1. There are few materials (swag/media) in China. This includes things like t-shirts and LiveCDs, the latter being tremendously important in a country with slow download speeds, fickle connectivity, and firewalls. The price of manufacturing and distribution within China is very cheap, and the price (and difficulty) of importing them from elsewhere is very high, so it makes sense to make these things  in-country, but it has been difficult for Chinese Ambassadors to get financial resources from Fedora. Solution: Get small quantities of physical media of all sorts (pens, stickers, CDs, etc) to China and have them duplicated; Chinese factories are fantastic at making copies, and it’s easier to hand someone an item to copy than to go back and forth with written specifications describing it. Also look into the state of the queue via which APAC Ambassadors are supposed to be requesting resources; who maintains it? Is it well-understood and publicized? Is there a clear process by which Ambassadors can find the status and expected response time of their requests?

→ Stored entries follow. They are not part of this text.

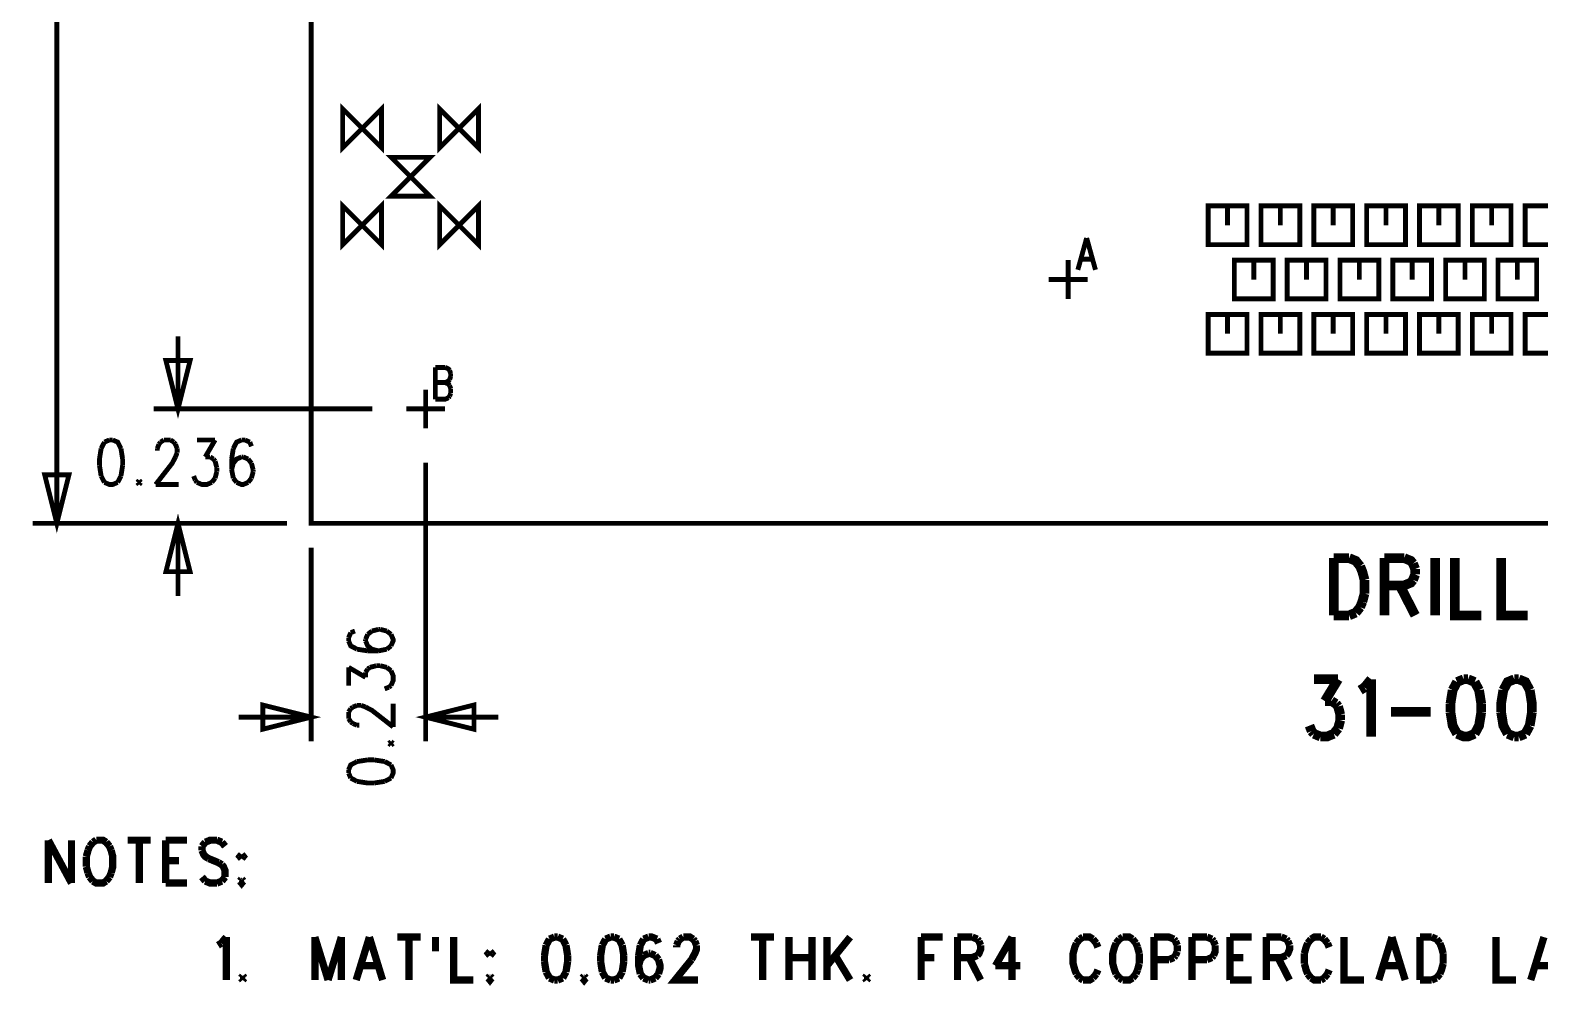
# Model space of a CAD drawing. Extents: x 7.3 to 17.4, y 4.7 to 13.3.
# Drawn here: x 7.42 to 10.535, y 7.046 to 9.017 of the extents above; entities that cross this region are included whole.
import ezdxf

# ---------------------------------------------------------------- set-up
doc = ezdxf.new("R2010")
doc.units = 0
doc.layers.add('DD_PHO', color=6, linetype='CONTINUOUS')

msp = doc.modelspace()

# ---------------------------------------------------------------- linework, layer by layer
at = {"layer": 'DD_PHO'}
for points, const_width in [([(8, 8), (13.5, 8), (13.5, 13), (8, 13), (8, 8)], 0.01), ([(7.475, 8), (7.475, 10.495)], 0.01), ([(8.065, 8.775), (8.145, 8.855), (8.145, 8.775), (8.065, 8.855), (8.065, 8.775)], 0.01), ([(8.265, 8.775), (8.345, 8.855), (8.345, 8.775), (8.265, 8.855), (8.265, 8.775)], 0.01), ([(8.165, 8.675), (8.245, 8.675), (8.165, 8.755), (8.245, 8.755), (8.165, 8.675)], 0.01), ([(8.065, 8.575), (8.145, 8.655), (8.145, 8.575), (8.065, 8.655), (8.065, 8.575)], 0.01), ([(8.265, 8.575), (8.345, 8.655), (8.345, 8.575), (8.265, 8.655), (8.265, 8.575)], 0.01), ([(9.851, 8.575), (9.931, 8.575), (9.931, 8.655), (9.851, 8.655), (9.851, 8.575)], 0.01), ([(9.891, 8.615), (9.891, 8.655)], 0.01), ([(9.96, 8.575), (10.04, 8.575), (10.04, 8.655), (9.96, 8.655), (9.96, 8.575)], 0.01), ([(10, 8.615), (10, 8.655)], 0.01), ([(10.069, 8.575), (10.149, 8.575), (10.149, 8.655), (10.069, 8.655), (10.069, 8.575)], 0.01), ([(10.109, 8.615), (10.109, 8.655)], 0.01), ([(10.178, 8.575), (10.258, 8.575), (10.258, 8.655), (10.178, 8.655), (10.178, 8.575)], 0.01), ([(10.218, 8.615), (10.218, 8.655)], 0.01), ([(10.287, 8.575), (10.367, 8.575), (10.367, 8.655), (10.287, 8.655), (10.287, 8.575)], 0.01), ([(10.327, 8.615), (10.327, 8.655)], 0.01), ([(10.396, 8.575), (10.476, 8.575), (10.476, 8.655), (10.396, 8.655), (10.396, 8.575)], 0.01), ([(10.436, 8.615), (10.436, 8.655)], 0.01), ([(10.505, 8.575), (10.585, 8.575), (10.585, 8.655), (10.505, 8.655), (10.505, 8.575)], 0.01), ([(9.60018, 8.58862), (9.582, 8.523)], 0.01), ([(9.60018, 8.58862), (9.61836, 8.523)], 0.01), ([(9.562, 8.463), (9.562, 8.543)], 0.01), ([(9.58881, 8.54487), (9.61154, 8.54487)], 0.01), ([(9.905, 8.463), (9.985, 8.463), (9.985, 8.543), (9.905, 8.543), (9.905, 8.463)], 0.01), ([(9.945, 8.503), (9.945, 8.543)], 0.01), ([(10.014, 8.463), (10.094, 8.463), (10.094, 8.543), (10.014, 8.543), (10.014, 8.463)], 0.01), ([(10.054, 8.503), (10.054, 8.543)], 0.01), ([(10.123, 8.463), (10.203, 8.463), (10.203, 8.543), (10.123, 8.543), (10.123, 8.463)], 0.01), ([(10.163, 8.503), (10.163, 8.543)], 0.01), ([(10.232, 8.463), (10.312, 8.463), (10.312, 8.543), (10.232, 8.543), (10.232, 8.463)], 0.01), ([(10.272, 8.503), (10.272, 8.543)], 0.01), ([(10.341, 8.463), (10.421, 8.463), (10.421, 8.543), (10.341, 8.543), (10.341, 8.463)], 0.01), ([(10.381, 8.503), (10.381, 8.543)], 0.01), ([(10.449, 8.463), (10.529, 8.463), (10.529, 8.543), (10.449, 8.543), (10.449, 8.463)], 0.01), ([(10.489, 8.503), (10.489, 8.543)], 0.01), ([(9.522, 8.503), (9.602, 8.503)], 0.01), ([(9.851, 8.351), (9.931, 8.351), (9.931, 8.431), (9.851, 8.431), (9.851, 8.351)], 0.01), ([(9.891, 8.391), (9.891, 8.431)], 0.01), ([(9.96, 8.351), (10.04, 8.351), (10.04, 8.431), (9.96, 8.431), (9.96, 8.351)], 0.01), ([(10, 8.391), (10, 8.431)], 0.01), ([(10.069, 8.351), (10.149, 8.351), (10.149, 8.431), (10.069, 8.431), (10.069, 8.351)], 0.01), ([(10.109, 8.391), (10.109, 8.431)], 0.01), ([(10.178, 8.351), (10.258, 8.351), (10.258, 8.431), (10.178, 8.431), (10.178, 8.351)], 0.01), ([(10.218, 8.391), (10.218, 8.431)], 0.01), ([(10.287, 8.351), (10.367, 8.351), (10.367, 8.431), (10.287, 8.431), (10.287, 8.351)], 0.01), ([(10.327, 8.391), (10.327, 8.431)], 0.01), ([(10.396, 8.351), (10.476, 8.351), (10.476, 8.431), (10.396, 8.431), (10.396, 8.351)], 0.01), ([(10.436, 8.391), (10.436, 8.431)], 0.01), ([(10.505, 8.351), (10.585, 8.351), (10.585, 8.431), (10.505, 8.431), (10.505, 8.351)], 0.01), ([(7.725, 8.236), (7.725, 8.386)], 0.01), ([(7.725, 8.236), (7.7, 8.336), (7.75, 8.336), (7.725, 8.236)], 0.01), ([(8.256, 8.32162), (8.256, 8.256)], 0.01), ([(8.256, 8.32162), (8.27645, 8.32162)], 0.01), ([(8.27645, 8.32162), (8.28327, 8.3185), (8.28554, 8.31537)], 0.01), ([(8.28554, 8.31537), (8.28781, 8.30912)], 0.01), ([(8.256, 8.29037), (8.27645, 8.29037)], 0.01), ([(8.28554, 8.29662), (8.28327, 8.2935), (8.27645, 8.29037)], 0.01), ([(8.27645, 8.29037), (8.28327, 8.28725), (8.28554, 8.28412)], 0.01), ([(8.28781, 8.30287), (8.28554, 8.29662)], 0.01), ([(8.28554, 8.28412), (8.28781, 8.27787)], 0.01), ([(8.28781, 8.30912), (8.28781, 8.30287)], 0.01), ([(8.236, 8.196), (8.236, 8.276)], 0.01), ([(8.28327, 8.25912), (8.27645, 8.256), (8.256, 8.256)], 0.01), ([(8.28554, 8.26225), (8.28327, 8.25912)], 0.01), ([(8.28781, 8.2685), (8.28554, 8.26225)], 0.01), ([(8.28781, 8.27787), (8.28781, 8.2685)], 0.01), ([(8.126, 8.236), (7.675, 8.236)], 0.01), ([(8.176, 8.236), (8.17602, 8.236)], 0.001), ([(8.196, 8.236), (8.276, 8.236)], 0.01), ([(7.57322, 8.1675), (7.5664, 8.15437)], 0.01), ([(7.58345, 8.17187), (7.57322, 8.1675)], 0.01), ([(7.59027, 8.17187), (7.58345, 8.17187)], 0.01), ([(7.60731, 8.15437), (7.6005, 8.1675), (7.59027, 8.17187)], 0.01), ([(7.68231, 8.15437), (7.68572, 8.16312)], 0.01), ([(7.68572, 8.16312), (7.68913, 8.1675)], 0.01), ([(7.68913, 8.1675), (7.69595, 8.17187)], 0.01), ([(7.69595, 8.17187), (7.70959, 8.17187)], 0.01), ([(7.70959, 8.17187), (7.7164, 8.1675)], 0.01), ([(7.7164, 8.1675), (7.71981, 8.16312)], 0.01), ([(7.71981, 8.16312), (7.72322, 8.15437)], 0.01), ([(7.76413, 8.17187), (7.80163, 8.17187)], 0.01), ([(7.80163, 8.17187), (7.78118, 8.13687)], 0.01), ([(7.85618, 8.17187), (7.84595, 8.1675), (7.83913, 8.15437)], 0.01), ([(7.863, 8.17187), (7.85618, 8.17187)], 0.01), ([(7.87322, 8.1675), (7.863, 8.17187)], 0.01), ([(7.87663, 8.15875), (7.87322, 8.1675)], 0.01), ([(8.236, 8.175), (8.23602, 8.175)], 0.001), ([(7.5664, 8.15437), (7.563, 8.1325), (7.563, 8.11937)], 0.01), ([(7.61072, 8.1325), (7.60731, 8.15437)], 0.01), ([(7.61072, 8.11937), (7.61072, 8.1325)], 0.01), ([(7.71981, 8.13687), (7.713, 8.12375), (7.6789, 8.08)], 0.01), ([(7.68231, 8.15), (7.68231, 8.15437)], 0.01), ([(7.72322, 8.14562), (7.71981, 8.13687)], 0.01), ([(7.72322, 8.15437), (7.72322, 8.14562)], 0.01), ([(7.78118, 8.13687), (7.7914, 8.13687)], 0.01), ([(7.7914, 8.13687), (7.79822, 8.1325)], 0.01), ([(7.79822, 8.1325), (7.80163, 8.12812)], 0.01), ([(7.80163, 8.12812), (7.80504, 8.115)], 0.01), ([(7.83913, 8.15437), (7.83572, 8.1325)], 0.01), ([(7.83572, 8.1325), (7.83572, 8.11062)], 0.01), ([(7.85618, 8.13687), (7.84595, 8.1325), (7.83913, 8.12375)], 0.01), ([(7.85959, 8.13687), (7.85618, 8.13687)], 0.01), ([(7.86981, 8.1325), (7.85959, 8.13687)], 0.01), ([(7.87663, 8.12375), (7.86981, 8.1325)], 0.01), ([(7.475, 8), (7.45, 8.1), (7.5, 8.1), (7.475, 8)], 0.01), ([(7.563, 8.11937), (7.5664, 8.0975)], 0.01), ([(7.5664, 8.0975), (7.57322, 8.08437)], 0.01), ([(7.6005, 8.08437), (7.60731, 8.0975)], 0.01), ([(7.60731, 8.0975), (7.61072, 8.11937)], 0.01), ([(7.76072, 8.08875), (7.75731, 8.0975)], 0.01), ([(7.80504, 8.10625), (7.80163, 8.09312)], 0.01), ([(7.80504, 8.115), (7.80504, 8.10625)], 0.01), ([(7.83913, 8.12375), (7.83572, 8.11062)], 0.01), ([(7.83572, 8.11062), (7.83913, 8.09312)], 0.01), ([(7.88004, 8.11062), (7.87663, 8.12375)], 0.01), ([(7.87663, 8.09312), (7.88004, 8.10625)], 0.01), ([(7.88004, 8.10625), (7.88004, 8.11062)], 0.01), ([(8.236, 8.125), (8.236, 7.55)], 0.01), ([(7.57322, 8.08437), (7.58345, 8.08), (7.59027, 8.08), (7.6005, 8.08437)], 0.01), ([(7.64481, 8.08875), (7.6414, 8.08437)], 0.01), ([(7.6414, 8.08437), (7.64481, 8.08)], 0.01), ([(7.64822, 8.08437), (7.64481, 8.08875)], 0.01), ([(7.64481, 8.08), (7.64822, 8.08437)], 0.01), ([(7.6789, 8.08), (7.72663, 8.08)], 0.01), ([(7.76413, 8.08437), (7.76072, 8.08875)], 0.01), ([(7.79481, 8.08437), (7.78459, 8.08), (7.77436, 8.08), (7.76413, 8.08437)], 0.01), ([(7.80163, 8.09312), (7.79481, 8.08437)], 0.01), ([(7.83913, 8.09312), (7.84595, 8.08437)], 0.01), ([(7.84595, 8.08437), (7.85618, 8.08), (7.85959, 8.08), (7.86981, 8.08437)], 0.01), ([(7.86981, 8.08437), (7.87663, 8.09312)], 0.01), ([(7.95, 8), (7.425, 8)], 0.01), ([(7.725, 8), (7.75, 7.9), (7.7, 7.9), (7.725, 8)], 0.01), ([(7.725, 8), (7.725, 7.85)], 0.01), ([(8, 8), (8.00002, 8)], 0.001), ([(8, 8), (8.00002, 8)], 0.001), ([(8, 8), (8.00002, 8)], 0.001), ([(8, 7.95), (8, 7.55)], 0.01), ([(10.11, 7.92812), (10.11, 7.81)], 0.02), ([(10.11, 7.92812), (10.14181, 7.92812)], 0.02), ([(10.14181, 7.92812), (10.15545, 7.9225), (10.16454, 7.91125)], 0.02), ([(10.16454, 7.91125), (10.16909, 7.9), (10.17363, 7.88312)], 0.02), ([(10.21454, 7.92812), (10.21454, 7.81)], 0.02), ([(10.21454, 7.92812), (10.25545, 7.92812)], 0.02), ([(10.25545, 7.92812), (10.26909, 7.9225), (10.27363, 7.91687)], 0.02), ([(10.27363, 7.91687), (10.27818, 7.90562)], 0.02), ([(10.27818, 7.90562), (10.27818, 7.89437)], 0.02), ([(10.31909, 7.92812), (10.31909, 7.81)], 0.02), ([(10.36, 7.92812), (10.36, 7.81), (10.41454, 7.81)], 0.02), ([(10.45545, 7.92812), (10.45545, 7.81), (10.51, 7.81)], 0.02), ([(10.17363, 7.88312), (10.17363, 7.855)], 0.02), ([(10.25545, 7.87187), (10.21454, 7.87187)], 0.02), ([(10.24636, 7.87187), (10.27818, 7.81)], 0.02), ([(10.27363, 7.88312), (10.26909, 7.8775), (10.25545, 7.87187)], 0.02), ([(10.27818, 7.89437), (10.27363, 7.88312)], 0.02), ([(10.17363, 7.855), (10.16909, 7.83812)], 0.02), ([(10.14181, 7.81), (10.11, 7.81)], 0.02), ([(10.15545, 7.81562), (10.14181, 7.81)], 0.02), ([(10.16454, 7.82687), (10.15545, 7.81562)], 0.02), ([(10.16909, 7.83812), (10.16454, 7.82687)], 0.02), ([(8.0815, 7.77422), (8.07712, 7.764)], 0.01), ([(8.07712, 7.764), (8.07712, 7.75718)], 0.01), ([(8.07712, 7.75718), (8.0815, 7.74695), (8.09462, 7.74013)], 0.01), ([(8.09025, 7.77763), (8.0815, 7.77422)], 0.01), ([(8.1165, 7.77081), (8.11212, 7.76059)], 0.01), ([(8.11212, 7.76059), (8.11212, 7.75718)], 0.01), ([(8.11212, 7.75718), (8.1165, 7.74695), (8.12525, 7.74013)], 0.01), ([(8.12525, 7.77763), (8.1165, 7.77081)], 0.01), ([(8.13837, 7.78104), (8.12525, 7.77763)], 0.01), ([(8.14275, 7.78104), (8.13837, 7.78104)], 0.01), ([(8.15587, 7.77763), (8.14275, 7.78104)], 0.01), ([(8.16462, 7.77081), (8.15587, 7.77763)], 0.01), ([(8.16462, 7.74695), (8.169, 7.75718), (8.169, 7.76059), (8.16462, 7.77081)], 0.01), ([(8.09462, 7.74013), (8.1165, 7.73672)], 0.01), ([(8.1165, 7.73672), (8.13837, 7.73672)], 0.01), ([(8.12525, 7.74013), (8.13837, 7.73672)], 0.01), ([(8.13837, 7.73672), (8.15587, 7.74013)], 0.01), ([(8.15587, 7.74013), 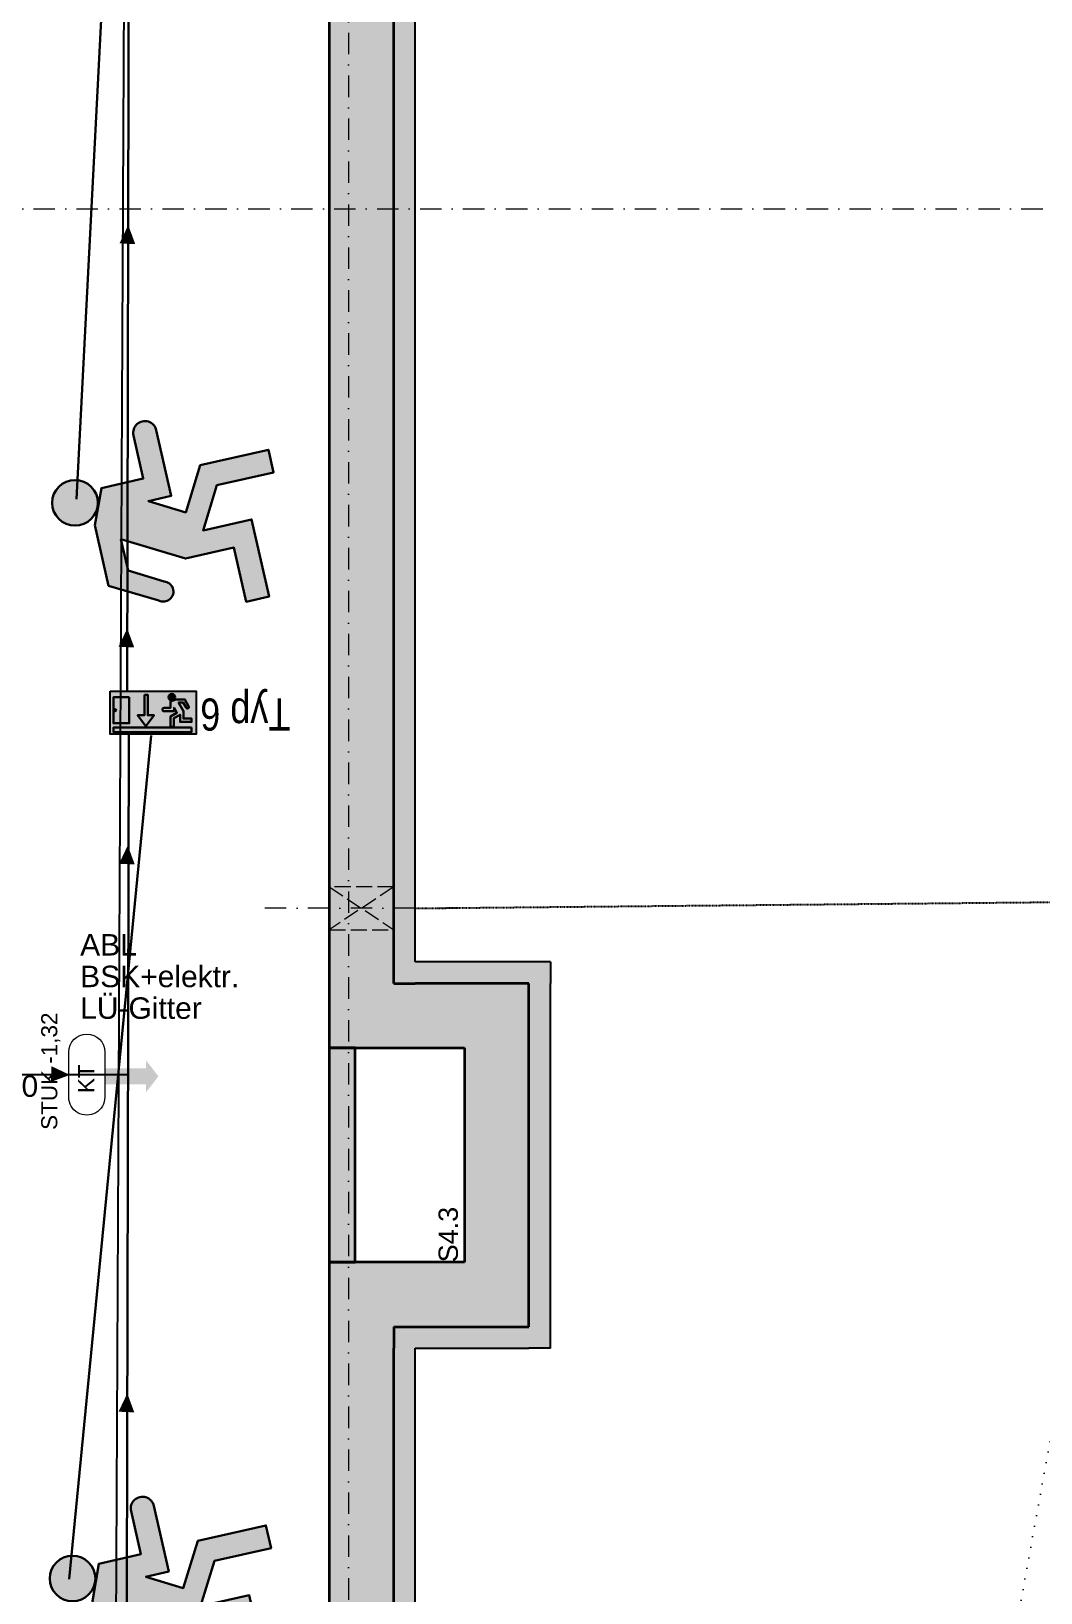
# Model space of a CAD drawing. Header units: millimetres. Extents: x 32522367 to 32638135, y 41424826 to 41540167.
# Drawn here: x 32554360 to 32559063, y 41482673 to 41489951 of the extents above; entities that cross this region are included whole.
import ezdxf
from ezdxf.enums import TextEntityAlignment as Align

# ---------------------------------------------------------------- set-up
doc = ezdxf.new("R2010")
doc.units = ezdxf.units.MM
for name, pattern in [('Achse', [0.2, 0.1, -0.05, 0, -0.05]), ('Punktlinie weit', [0.05, 0, -0.05]), ('Raster', [0.2, 0.1, -0.05, 0, -0.05]), ('Strichlinie eng', [0.1, 0.075, -0.025]), ('Untersicht', [0.1, 0.075, -0.025])]:
    doc.linetypes.add(name, pattern=pattern)
for name, color, linetype in [('000 Achsraster Haupt', 251, 'Continuous'), ('110 Wand Aussen', 251, 'Continuous'), ('120 Wand Innen tragend', 251, 'Continuous'), ('130 Wand Innen', 251, 'Continuous'), ('220 Bodenaufbau', 251, 'Continuous'), ('240 Unterdaemmung', 251, 'Continuous'), ('715 Lueftung', 251, 'Continuous'), ('811 Raum 2.Erschließung_ Nebenräume_Allg.räume_Technik', 251, 'Continuous'), ('955 Polierplan Beschriftung', 251, 'Continuous'), ('956 Fensternummer', 251, 'Continuous'), ('970 Brandschutz Beschriftung.Texte_ Bemaßung_ Symbole_ Fluchtwege', 251, 'Continuous'), ('Archicad Tür-Marker', 251, 'Continuous'), ('dp_GE_SIBEL', 80, 'Continuous')]:
    doc.layers.add(name, color=color, linetype=linetype)
for name, color, linetype, lineweight in [('000 Achsraster Haupt_Stift_Nr__1', 251, 'Continuous', 13), ('110 Wand Aussen_Stift_Nr__1', 251, 'Continuous', 13), ('110 Wand Aussen_Stift_Nr__24', 251, 'Continuous', 13), ('110 Wand Aussen_Stift_Nr__29', 251, 'Continuous', 13), ('110 Wand Aussen_Stift_Nr__6', 251, 'Continuous', 13), ('110 Wand Aussen_Stift_Nr__7', 251, 'Continuous', 25), ('110 Wand Aussen_Stift_Nr__78', 251, 'Continuous', 13), ('110 Wand Aussen_Stift_Nr__8', 251, 'Continuous', 35), ('120 Wand Innen tragend_Stift_Nr__1', 251, 'Continuous', 13), ('120 Wand Innen tragend_Stift_Nr__6', 251, 'Continuous', 13), ('120 Wand Innen tragend_Stift_Nr__8', 251, 'Continuous', 35), ('130 Wand Innen_Stift_Nr__23', 251, 'Continuous', 13), ('130 Wand Innen_Stift_Nr__4', 251, 'Continuous', 35), ('220 Bodenaufbau_Stift_Nr__6', 251, 'Continuous', 13), ('240 Unterdaemmung_Stift_Nr__6', 251, 'Continuous', 13), ('710 Kanal_Stift_Nr__61', 251, 'Continuous', 25), ('715 Lueftung_Stift_Nr__123', 251, 'Continuous', 13), ('955 Polierplan Beschriftung_Stift_Nr__1', 251, 'Continuous', 13), ('956 Durchbruch Beschriftung_Stift_Nr__61', 251, 'Continuous', 25), ('956 Fensternummer_Stift_Nr__1', 251, 'Continuous', 13), ('970 Brandschutz Beschriftung.Texte_ Bemaßung_ Symbole_ Fluchtwege_Stift_Nr__101', 251, 'Continuous', 50), ('970 Brandschutz Beschriftung.Texte_ Bemaßung_ Symbole_ Fluchtwege_Stift_Nr__75', 251, 'Continuous', 25), ('Archicad Tür-Marker_Stift_Nr__1', 251, 'Continuous', 13), ('dp_GE_ST_Attribut_Attribut1', 250, 'Continuous', 5)]:
    doc.layers.add(name, color=color, linetype=linetype, lineweight=lineweight)
doc.layers.add('E2_LEHR_MENSCH_NATIVE', color=112, linetype='Continuous', lineweight=35, true_color=0x20dd55)
doc.layers.add('E2_LEHR_WEG_B_INTERPRETATION', color=112, linetype='Continuous', lineweight=80, true_color=0x20dd55)
doc.layers.add('E_NACHRTECH', color=3, linetype='Continuous', true_color=0x00fa00)
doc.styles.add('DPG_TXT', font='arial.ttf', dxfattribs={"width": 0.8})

2. The language barrier is a red herring. Yes, the Chinese-English language barrier makes things more difficult, and we should encourage and cultivate participation in (the various forms of) Chinese so people can work in their native tongue, and improve the cross-communications between the Chinese and English (and other-language) speaking parts of the Fedora community – BUT it’s not a blocker and we shouldn’t use it as an excuse. Solution: Set up opportunities to cross-collaborate between China and other regions, THEN use that existing collaboration to drive linguistic crossover, rather than always planning things the other way around. We’ll try to start with a MIPS FAD centered around Beijing; more on this later.

3. There are very few people in China with exposure to the open source way of doing things – there are many people with the technical ability to contribute, but few who know how to do that work in the context of a FOSS community and push their work upstream. Solution: See #2, with an emphasis on getting people to meet other strong contributors from outside their region. Can we bring some MIPS hackers from China out to January 2011′s Tempe FUDCon to present their work to NA contributors? Can we send EMEA Ambassadors to APAC events? Also, Ambassadors can focus on getting individual people started in the community; it’s easy to find, request, and use resources once you know it’s easy (people tend to have the ungrounded perception that it’s hard, because they don’t know what the process is).

Other topics on the table:
  • Major dates for media availability in China: Software Freedom Day (September 2010) and F14 release day (November 2010). We’ll treat the first event as a test run for how to do media production in China, so the second one will be a simple “just do the same thing again” execution.
  • Marketing and Ambassadors in China in general, and the relationship between the multiple  groups and people involved in one or both.
  • Fedora-zh community infrastructure hosting. Where can this be done? Right now, everything except the IRC channel (#fedora-zh) and mailing list is scattered in an undocumented manner across individual uncoordinated VPS accounts that cost a tremendous amount of money relative to the average Chinese salary, so it’s a fragile network that is in danger of disappearing with no backup.
  • Getting introduced to existing Fedora contributors in the region, both online and in person, and trying to understand the network of contributors in China, and articulate the structure of that network and the culture it works within back out to the broader Fedora community, along with what work is being done here.
Thoughts? Other things we need to add to the agenda?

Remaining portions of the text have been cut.